__Exercise requirements__
Omit the images, then output each of the records below exactly.

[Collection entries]

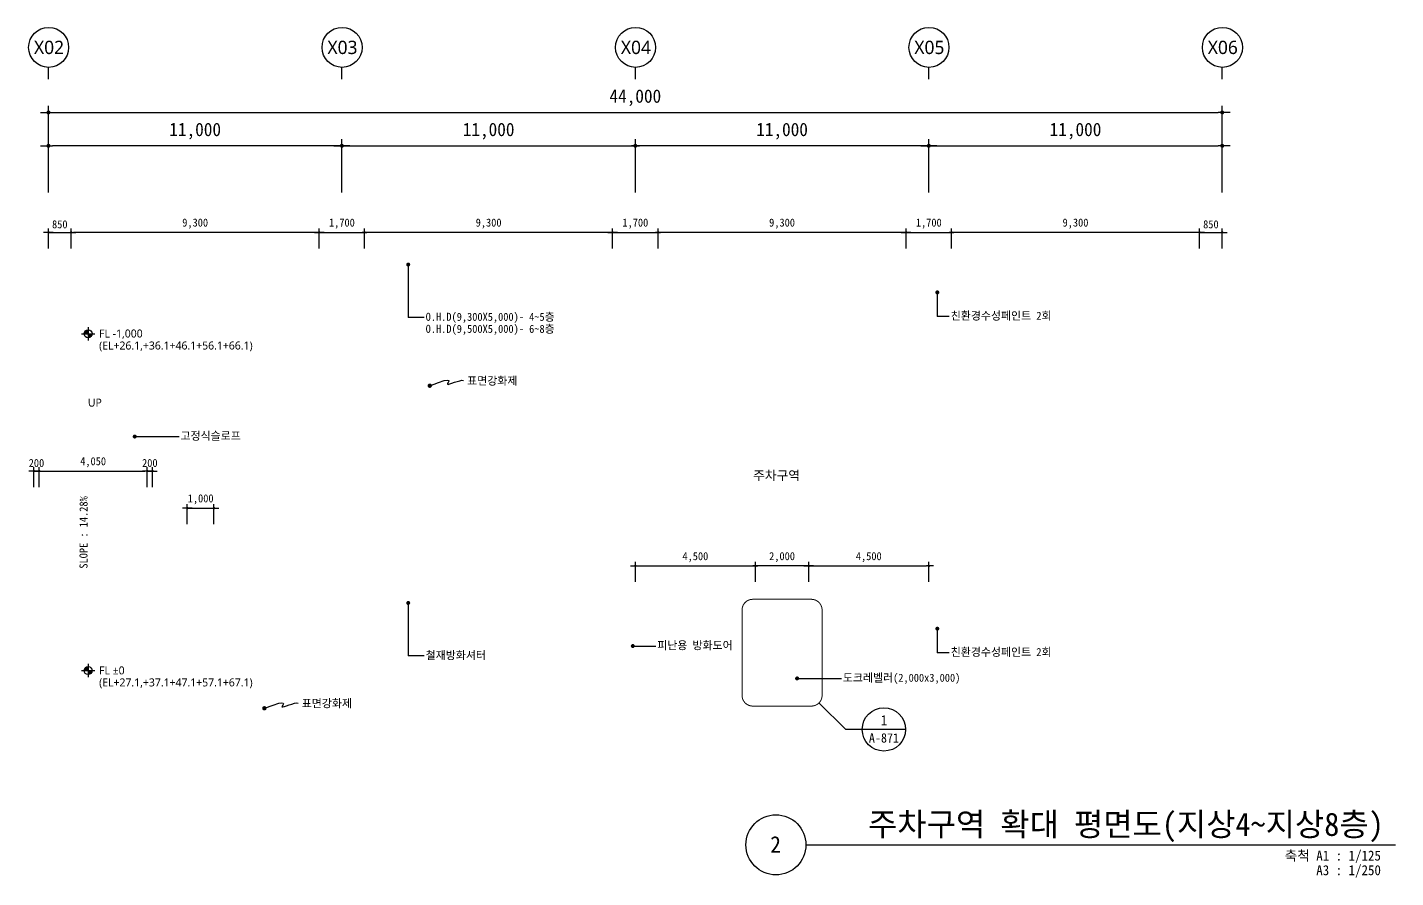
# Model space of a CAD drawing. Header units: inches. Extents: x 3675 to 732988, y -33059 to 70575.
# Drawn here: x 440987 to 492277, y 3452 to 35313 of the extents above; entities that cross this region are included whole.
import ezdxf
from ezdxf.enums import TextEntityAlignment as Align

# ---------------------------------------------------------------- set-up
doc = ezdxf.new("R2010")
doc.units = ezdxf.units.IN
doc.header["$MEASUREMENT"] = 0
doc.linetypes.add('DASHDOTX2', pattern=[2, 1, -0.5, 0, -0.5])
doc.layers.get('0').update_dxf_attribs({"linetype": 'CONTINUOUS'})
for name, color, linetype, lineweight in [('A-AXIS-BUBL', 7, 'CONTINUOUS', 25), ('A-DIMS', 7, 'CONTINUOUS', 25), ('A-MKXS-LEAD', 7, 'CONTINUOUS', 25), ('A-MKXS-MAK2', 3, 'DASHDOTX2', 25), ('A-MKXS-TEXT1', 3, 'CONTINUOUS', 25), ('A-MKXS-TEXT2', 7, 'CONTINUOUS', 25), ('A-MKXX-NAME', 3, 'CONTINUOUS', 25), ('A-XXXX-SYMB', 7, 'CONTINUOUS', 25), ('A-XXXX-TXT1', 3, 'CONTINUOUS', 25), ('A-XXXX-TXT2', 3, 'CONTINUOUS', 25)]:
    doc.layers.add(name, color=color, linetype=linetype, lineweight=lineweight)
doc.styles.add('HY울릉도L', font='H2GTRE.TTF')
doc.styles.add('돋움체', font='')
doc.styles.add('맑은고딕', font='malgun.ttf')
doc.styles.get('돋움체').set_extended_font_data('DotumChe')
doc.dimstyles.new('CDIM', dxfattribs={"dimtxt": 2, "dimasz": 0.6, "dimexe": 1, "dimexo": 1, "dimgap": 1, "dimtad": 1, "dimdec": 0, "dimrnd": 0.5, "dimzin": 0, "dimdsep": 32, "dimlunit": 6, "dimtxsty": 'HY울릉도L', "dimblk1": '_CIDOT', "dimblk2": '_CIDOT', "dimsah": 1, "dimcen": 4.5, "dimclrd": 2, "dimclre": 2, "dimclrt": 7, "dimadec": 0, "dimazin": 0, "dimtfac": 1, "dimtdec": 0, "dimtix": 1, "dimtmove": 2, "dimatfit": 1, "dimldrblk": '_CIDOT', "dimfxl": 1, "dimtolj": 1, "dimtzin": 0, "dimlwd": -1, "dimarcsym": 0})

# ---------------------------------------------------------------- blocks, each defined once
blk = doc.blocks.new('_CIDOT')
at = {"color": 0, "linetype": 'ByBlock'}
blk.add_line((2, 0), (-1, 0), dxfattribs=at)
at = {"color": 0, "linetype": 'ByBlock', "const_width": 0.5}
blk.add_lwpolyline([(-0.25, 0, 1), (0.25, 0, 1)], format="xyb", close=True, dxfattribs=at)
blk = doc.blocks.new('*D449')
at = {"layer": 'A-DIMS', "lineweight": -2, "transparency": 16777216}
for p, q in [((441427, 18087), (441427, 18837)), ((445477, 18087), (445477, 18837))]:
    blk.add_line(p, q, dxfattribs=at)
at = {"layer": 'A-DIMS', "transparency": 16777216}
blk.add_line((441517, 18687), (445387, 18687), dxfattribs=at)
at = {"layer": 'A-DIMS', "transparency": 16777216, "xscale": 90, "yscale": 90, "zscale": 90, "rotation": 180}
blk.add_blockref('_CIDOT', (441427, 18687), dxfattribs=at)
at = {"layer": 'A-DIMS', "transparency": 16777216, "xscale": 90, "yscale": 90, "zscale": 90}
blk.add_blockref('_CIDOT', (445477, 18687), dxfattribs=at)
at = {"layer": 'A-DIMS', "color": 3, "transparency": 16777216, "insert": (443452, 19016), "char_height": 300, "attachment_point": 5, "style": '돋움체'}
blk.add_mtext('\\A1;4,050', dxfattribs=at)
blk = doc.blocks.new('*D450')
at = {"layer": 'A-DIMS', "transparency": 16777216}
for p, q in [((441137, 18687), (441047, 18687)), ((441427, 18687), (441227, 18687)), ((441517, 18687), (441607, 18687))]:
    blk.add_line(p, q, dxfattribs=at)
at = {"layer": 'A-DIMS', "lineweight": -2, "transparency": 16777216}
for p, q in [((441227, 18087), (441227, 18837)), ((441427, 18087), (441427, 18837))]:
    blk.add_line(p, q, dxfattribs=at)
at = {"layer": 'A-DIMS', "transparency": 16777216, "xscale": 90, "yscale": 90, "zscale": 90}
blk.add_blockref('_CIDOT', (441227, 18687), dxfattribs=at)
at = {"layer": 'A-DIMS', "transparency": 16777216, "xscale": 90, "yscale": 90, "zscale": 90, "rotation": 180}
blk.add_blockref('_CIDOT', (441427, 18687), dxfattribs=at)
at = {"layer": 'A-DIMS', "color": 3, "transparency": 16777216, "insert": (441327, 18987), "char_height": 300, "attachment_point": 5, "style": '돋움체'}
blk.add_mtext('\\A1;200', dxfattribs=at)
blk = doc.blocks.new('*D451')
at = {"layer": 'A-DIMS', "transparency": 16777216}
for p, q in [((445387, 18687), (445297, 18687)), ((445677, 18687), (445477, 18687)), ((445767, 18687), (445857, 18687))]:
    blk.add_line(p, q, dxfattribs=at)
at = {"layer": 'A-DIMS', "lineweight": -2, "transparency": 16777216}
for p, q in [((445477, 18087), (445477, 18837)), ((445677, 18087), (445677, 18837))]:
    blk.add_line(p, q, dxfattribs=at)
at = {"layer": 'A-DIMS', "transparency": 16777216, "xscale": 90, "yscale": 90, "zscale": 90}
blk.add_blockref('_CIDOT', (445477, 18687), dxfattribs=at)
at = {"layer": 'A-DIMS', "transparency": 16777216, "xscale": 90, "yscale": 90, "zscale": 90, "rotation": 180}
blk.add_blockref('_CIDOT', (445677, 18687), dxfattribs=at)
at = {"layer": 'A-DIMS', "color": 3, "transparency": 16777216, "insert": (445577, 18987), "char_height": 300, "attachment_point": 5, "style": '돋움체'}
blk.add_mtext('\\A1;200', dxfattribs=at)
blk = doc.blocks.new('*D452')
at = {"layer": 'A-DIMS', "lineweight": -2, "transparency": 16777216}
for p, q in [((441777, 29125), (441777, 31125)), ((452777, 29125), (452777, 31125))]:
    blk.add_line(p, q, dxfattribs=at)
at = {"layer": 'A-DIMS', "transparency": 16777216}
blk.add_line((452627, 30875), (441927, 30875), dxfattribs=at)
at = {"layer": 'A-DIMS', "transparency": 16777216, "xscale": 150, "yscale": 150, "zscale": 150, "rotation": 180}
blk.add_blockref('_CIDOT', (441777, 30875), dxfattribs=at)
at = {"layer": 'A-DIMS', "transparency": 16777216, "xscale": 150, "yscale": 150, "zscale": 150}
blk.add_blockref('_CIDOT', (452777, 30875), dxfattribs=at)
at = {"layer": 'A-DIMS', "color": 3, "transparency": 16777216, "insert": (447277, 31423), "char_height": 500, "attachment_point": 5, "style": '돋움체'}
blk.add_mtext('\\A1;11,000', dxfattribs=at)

__Task output__
# Model space of a CAD drawing. Header units: inches. Extents: x 3675 to 732988, y -33059 to 70575.
# Drawn here: x 440987 to 492277, y 3452 to 35313 of the extents above; entities that cross this region are included whole.
import ezdxf
from ezdxf.enums import TextEntityAlignment as Align

# ---------------------------------------------------------------- set-up
doc = ezdxf.new("R2010")
doc.units = ezdxf.units.IN
doc.header["$MEASUREMENT"] = 0
doc.linetypes.add('DASHDOTX2', pattern=[2, 1, -0.5, 0, -0.5])
doc.layers.get('0').update_dxf_attribs({"linetype": 'CONTINUOUS'})
for name, color, linetype, lineweight in [('A-AXIS-BUBL', 7, 'CONTINUOUS', 25), ('A-DIMS', 7, 'CONTINUOUS', 25), ('A-MKXS-LEAD', 7, 'CONTINUOUS', 25), ('A-MKXS-MAK2', 3, 'DASHDOTX2', 25), ('A-MKXS-TEXT1', 3, 'CONTINUOUS', 25), ('A-MKXS-TEXT2', 7, 'CONTINUOUS', 25), ('A-MKXX-NAME', 3, 'CONTINUOUS', 25), ('A-XXXX-SYMB', 7, 'CONTINUOUS', 25), ('A-XXXX-TXT1', 3, 'CONTINUOUS', 25), ('A-XXXX-TXT2', 3, 'CONTINUOUS', 25)]:
    doc.layers.add(name, color=color, linetype=linetype, lineweight=lineweight)
doc.styles.add('HY울릉도L', font='H2GTRE.TTF')
doc.styles.add('돋움체', font='')
doc.styles.add('맑은고딕', font='malgun.ttf')
doc.styles.get('돋움체').set_extended_font_data('DotumChe')
doc.dimstyles.new('CDIM', dxfattribs={"dimtxt": 2, "dimasz": 0.6, "dimexe": 1, "dimexo": 1, "dimgap": 1, "dimtad": 1, "dimdec": 0, "dimrnd": 0.5, "dimzin": 0, "dimdsep": 32, "dimlunit": 6, "dimtxsty": 'HY울릉도L', "dimblk1": '_CIDOT', "dimblk2": '_CIDOT', "dimsah": 1, "dimcen": 4.5, "dimclrd": 2, "dimclre": 2, "dimclrt": 7, "dimadec": 0, "dimazin": 0, "dimtfac": 1, "dimtdec": 0, "dimtix": 1, "dimtmove": 2, "dimatfit": 1, "dimldrblk": '_CIDOT', "dimfxl": 1, "dimtolj": 1, "dimtzin": 0, "dimlwd": -1, "dimarcsym": 0})

# ---------------------------------------------------------------- blocks, each defined once
blk = doc.blocks.new('_CIDOT')
at = {"color": 0, "linetype": 'ByBlock'}
blk.add_line((2, 0), (-1, 0), dxfattribs=at)
at = {"color": 0, "linetype": 'ByBlock', "const_width": 0.5}
blk.add_lwpolyline([(-0.25, 0, 1), (0.25, 0, 1)], format="xyb", close=True, dxfattribs=at)
blk = doc.blocks.new('*D449')
at = {"layer": 'A-DIMS', "lineweight": -2, "transparency": 16777216}
for p, q in [((441427, 18087), (441427, 18837)), ((445477, 18087), (445477, 18837))]:
    blk.add_line(p, q, dxfattribs=at)
at = {"layer": 'A-DIMS', "transparency": 16777216}
blk.add_line((441517, 18687), (445387, 18687), dxfattribs=at)
at = {"layer": 'A-DIMS', "transparency": 16777216, "xscale": 90, "yscale": 90, "zscale": 90, "rotation": 180}
blk.add_blockref('_CIDOT', (441427, 18687), dxfattribs=at)
at = {"layer": 'A-DIMS', "transparency": 16777216, "xscale": 90, "yscale": 90, "zscale": 90}
blk.add_blockref('_CIDOT', (445477, 18687), dxfattribs=at)
at = {"layer": 'A-DIMS', "color": 3, "transparency": 16777216, "insert": (443452, 19016), "char_height": 300, "attachment_point": 5, "style": '돋움체'}
blk.add_mtext('\\A1;4,050', dxfattribs=at)
blk = doc.blocks.new('*D450')
at = {"layer": 'A-DIMS', "transparency": 16777216}
for p, q in [((441137, 18687), (441047, 18687)), ((441427, 18687), (441227, 18687)), ((441517, 18687), (441607, 18687))]:
    blk.add_line(p, q, dxfattribs=at)
at = {"layer": 'A-DIMS', "lineweight": -2, "transparency": 16777216}
for p, q in [((441227, 18087), (441227, 18837)), ((441427, 18087), (441427, 18837))]:
    blk.add_line(p, q, dxfattribs=at)
at = {"layer": 'A-DIMS', "transparency": 16777216, "xscale": 90, "yscale": 90, "zscale": 90}
blk.add_blockref('_CIDOT', (441227, 18687), dxfattribs=at)
at = {"layer": 'A-DIMS', "transparency": 16777216, "xscale": 90, "yscale": 90, "zscale": 90, "rotation": 180}
blk.add_blockref('_CIDOT', (441427, 18687), dxfattribs=at)
at = {"layer": 'A-DIMS', "color": 3, "transparency": 16777216, "insert": (441327, 18987), "char_height": 300, "attachment_point": 5, "style": '돋움체'}
blk.add_mtext('\\A1;200', dxfattribs=at)
blk = doc.blocks.new('*D451')
at = {"layer": 'A-DIMS', "transparency": 16777216}
for p, q in [((445387, 18687), (445297, 18687)), ((445677, 18687), (445477, 18687)), ((445767, 18687), (445857, 18687))]:
    blk.add_line(p, q, dxfattribs=at)
at = {"layer": 'A-DIMS', "lineweight": -2, "transparency": 16777216}
for p, q in [((445477, 18087), (445477, 18837)), ((445677, 18087), (445677, 18837))]:
    blk.add_line(p, q, dxfattribs=at)
at = {"layer": 'A-DIMS', "transparency": 16777216, "xscale": 90, "yscale": 90, "zscale": 90}
blk.add_blockref('_CIDOT', (445477, 18687), dxfattribs=at)
at = {"layer": 'A-DIMS', "transparency": 16777216, "xscale": 90, "yscale": 90, "zscale": 90, "rotation": 180}
blk.add_blockref('_CIDOT', (445677, 18687), dxfattribs=at)
at = {"layer": 'A-DIMS', "color": 3, "transparency": 16777216, "insert": (445577, 18987), "char_height": 300, "attachment_point": 5, "style": '돋움체'}
blk.add_mtext('\\A1;200', dxfattribs=at)
blk = doc.blocks.new('*D452')
at = {"layer": 'A-DIMS', "lineweight": -2, "transparency": 16777216}
for p, q in [((441777, 29125), (441777, 31125)), ((452777, 29125), (452777, 31125))]:
    blk.add_line(p, q, dxfattribs=at)
at = {"layer": 'A-DIMS', "transparency": 16777216}
blk.add_line((452627, 30875), (441927, 30875), dxfattribs=at)
at = {"layer": 'A-DIMS', "transparency": 16777216, "xscale": 150, "yscale": 150, "zscale": 150, "rotation": 180}
blk.add_blockref('_CIDOT', (441777, 30875), dxfattribs=at)
at = {"layer": 'A-DIMS', "transparency": 16777216, "xscale": 150, "yscale": 150, "zscale": 150}
blk.add_blockref('_CIDOT', (452777, 30875), dxfattribs=at)
at = {"layer": 'A-DIMS', "color": 3, "transparency": 16777216, "insert": (447277, 31423), "char_height": 500, "attachment_point": 5, "style": '돋움체'}
blk.add_mtext('\\A1;11,000', dxfattribs=at)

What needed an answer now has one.